If you ask for input, but get criticism, you’ll feel your emotions blocking your ability to take in the feedback. If you wait and listen, hear them out, you might find you agree with certain parts. If so, you can focus on those parts or explain you weren’t looking for criticism.
In either case, the problem isn’t the statements they make. It’s how you feel about them, how your emotions rush to and fro, sloshing around like gasoline in a tank, waiting to explode. Your anxiety turns into excitement or disappointment based on what they say, but before you hear it, it’s just potential energy.
So, before you walk in, while the anxiety is still revving up, resolve to listen first. Focus on hearing the words they are saying, and asking questions about what they meant. Try to take apart the feedback and find the truths within, and to get clarity on the parts you feel are untrue. Understand that the things you’re hearing aren’t coming out of nowhere. They have a context and it’s up to you to try and get that perspective.
If you hear, “I’m really disappointed that this is late,” it may not mean that they are disappointed in you, or even in the lateness of the project. It might mean that they are expressing a concern about other projects that have nothing to do with you. They may be stressed out about other deliverables and are taking out that stress on the most immediate target. If there are flaws in your project, they might be the result of unclear direction, or not having enough resources. It’s not a bug, it’s a feature.

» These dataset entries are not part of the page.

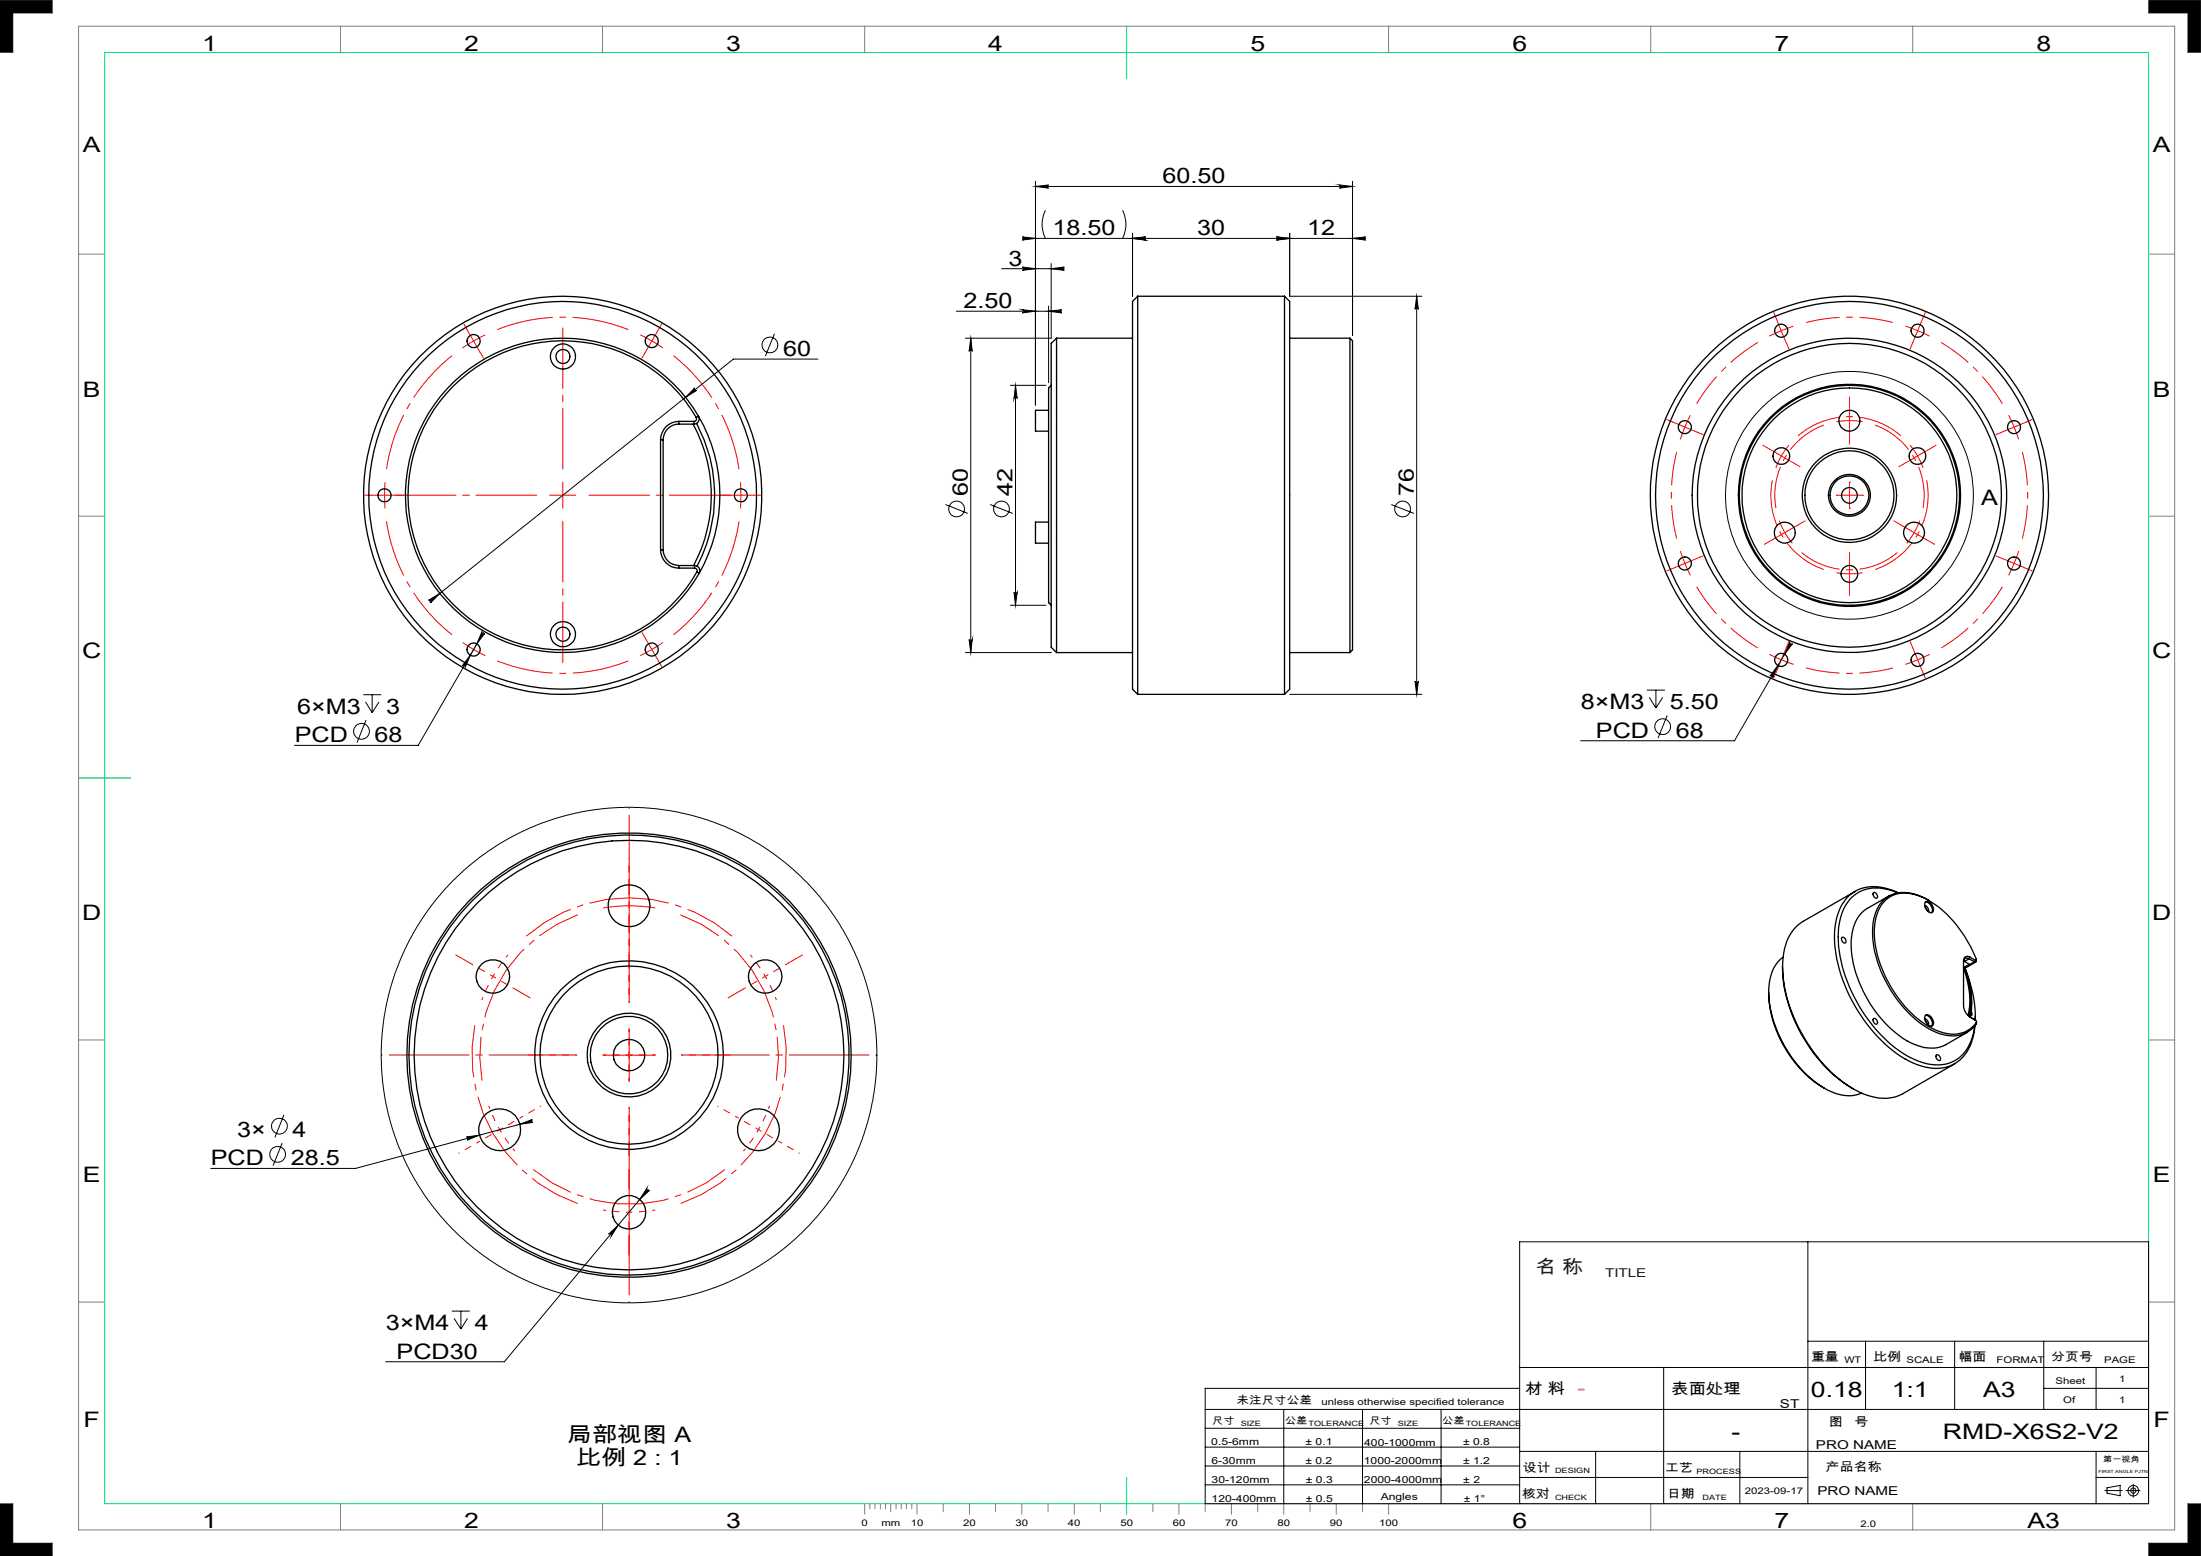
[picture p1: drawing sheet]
<svg xmlns="http://www.w3.org/2000/svg" width="420mm" height="297mm" viewBox="0 0 420 297" stroke-linecap="round" stroke-linejoin="round" font-family="sans-serif">
<path d="M0 0v10M410 0h10M0 297h10M420 287v10" fill="none" stroke="#6a6a6a" stroke-width=".25"/>
<path d="M20 10h390v277h-390zM215 5v10M15 148.5h10M215 282v7" fill="none" stroke="#00e171" stroke-width=".19"/>
<g fill="none" stroke="#808080" stroke-width=".19">
<path d="M0 0h10v2.5h-7.5v7.5h-2.5M15 5h400v287h-400zM65 5v5M115 5v5M165 5v5M265 5v5M315 5v5M365 5v5M410 0v2.5h7.5v7.5h2.5v-10M15 48.5h5M410 48.5h5M15 98.5h5"/>
<path d="M410 98.5h5M15 198.5h5M410 198.5h5M15 248.5h5M410 248.5h5M0 297v-10h2.5v7.5h7.5v2.5M65 287v5M115 287v5M165 287v2M166 287v1M167 287v1M168 287v1"/>
<path d="M169 287v1M170 287v1.5M171 287v1M172 287v1M173 287v1M174 287v1M175 287v2M180 287v1.5M185 287v2M190 287v1.5M195 287v2M200 287v1.5"/>
<path d="M205 287v2M210 287v1.5M220 287v1.5M225 287v2M230 287v1.5M235 287v2M240 287v1.5M245 287v2M250 287v1.5M255 287v2M260 287v1.5M265 287v2"/>
<path d="M315 287v5M365 287v5M420 287h-2.5v7.5h-7.5v2.5h10"/>
</g>
<path d="M0 0v10h2.5v-7.5h7.5v-2.5zM0 287v10h10v-2.5h-7.5v-7.5zM417.5 287v7.5h-7.5v2.5h10v-10zM410 0v2.5h7.5v7.5h2.5v-10z" fill-rule="evenodd" fill="#000"/>
<g fill="none" stroke="#000" stroke-width=".19">
<path d="M197.6 34.6v42.7M197.6 35.6h60.5M197.6 35.6l2.5-.3a.3 .3 0 0 0-.3 .3 .3 .3 0 0 0 .3 .3zM255.6 35.3l2.5 .3-2.5 .3a.3 .3 0 0 0 .3-.3 .3 .3 0 0 0-.3-.3zM258.1 34.6v29.5M182.5 59.4h20.1M191.1 51.3h12M195.1 45.5h65.5M195.1 45.2l2.5 .3-2.5 .3a.3 .3 0 0 0 .3-.3 .3 .3 0 0 0-.3-.3zM195.1 51l2.5 .3-2.5 .3a.32 .32 0 0 0 .3-.3 .32 .32 0 0 0-.3-.3zM195.1 59.1l2.5 .3-2.5 .3a.3 .3 0 0 0 .3-.3 .3 .3 0 0 0-.3-.3zM199.5 40.1a6 6 0 0 0 0 5.4"/>
<path d="M200.1 58.4v14.7M200.1 59.4l2.5-.3a.3 .3 0 0 0-.3 .3 .3 .3 0 0 0 .3 .3zM200.6 50.3v14.3h-16.4M200.6 51.3l2.5-.3a.32 .32 0 0 0-.3 .3 .32 .32 0 0 0 .3 .3zM214.2 40.1a6 6 0 0 1 0 5.4M216.1 44.5v12M216.1 45.5l2.5-.3a.3 .3 0 0 0-.3 .3 .3 .3 0 0 0 .3 .3zM243.6 45.2l2.5 .3-2.5 .3a.3 .3 0 0 0 .3-.3 .3 .3 0 0 0-.3-.3zM246.1 44.5v12h25.2M258.1 45.5l2.5-.3a.3 .3 0 0 0-.3 .3 .3 .3 0 0 0 .3 .3zM270.3 56.5v76M270.3 56.5l.4 2.6a.32 .32 0 0 0-.4-.3 .32 .32 0 0 0-.3 .3z"/>
<path d="M132.6 74a.3 .3 0 0 0-.1 .5 .3 .3 0 0 0 .5 0l-2.2 1.3zM147.8 63.7l-1.7 4.3M156.1 68.5h-16.2l-57.9 46.3M185.2 64.6v60M185.2 64.6l.3 2.5a.3 .3 0 0 0-.3-.4 .3 .3 0 0 0-.3 .4zM192.8 73.6h6.8M193.8 73.6v41.9M193.8 73.6l.3 2.5a.3 .3 0 0 0-.3-.3 .3 .3 0 0 0-.3 .3zM180.4 96.3l4.3 1.7M188.9 96.3l4.4 1.7M265.5 96.3l4.3 1.7M81.8 114.6l2.1-1.3-1.7 1.8a.31 .31 0 0 0 0-.5 .31 .31 0 0 0-.4 0z"/>
<path d="M192.8 115.5h6.8M193.5 113.1a.3 .3 0 0 0 .3 .2 .3 .3 0 0 0 .3-.2l-.3 2.4zM69.3 132.6h3.4M69.7 134l1.3 2M69.9 137.4l-1.8 4.3M71 132.6v3.4M72.3 134l-1.3 2M89.7 125.1l-.9 2.3a.31 .31 0 0 0-.2-.4 .31 .31 0 0 0-.4 .1zM92 120.6a.31 .31 0 0 0 .1 .4 .31 .31 0 0 0 .4-.1l-1.5 2zM92.3 120.8l-12.5 21.5h-23.6M184.2 124.6h16.4M184.9 122.1a.3 .3 0 0 0 .3 .2 .3 .3 0 0 0 .3-.2l-.3 2.5z"/>
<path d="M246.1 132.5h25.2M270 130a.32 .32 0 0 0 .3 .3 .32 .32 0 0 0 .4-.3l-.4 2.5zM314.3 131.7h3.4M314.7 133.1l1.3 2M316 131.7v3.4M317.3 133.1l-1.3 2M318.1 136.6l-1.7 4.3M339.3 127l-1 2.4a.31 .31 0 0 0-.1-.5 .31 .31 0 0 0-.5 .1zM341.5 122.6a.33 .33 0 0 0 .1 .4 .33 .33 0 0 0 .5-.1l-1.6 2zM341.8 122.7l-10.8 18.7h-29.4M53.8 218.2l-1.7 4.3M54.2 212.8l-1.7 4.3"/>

Even if the feedback is positive, it’s important to understand that while the praise is appreciated, but the things being praised may have nothing to do with you. Whether good or bad, all feedback tells us is someone else’s opinion. It does not tell us who we are or what we are worth. Even the highest praise should be listened to with the same detachment as the most damning criticism. Without fully listening, we can never be sure we heard what the other person said, only what we thought they said.
In the end, the open, honest communication that makes relationships work also makes work….work.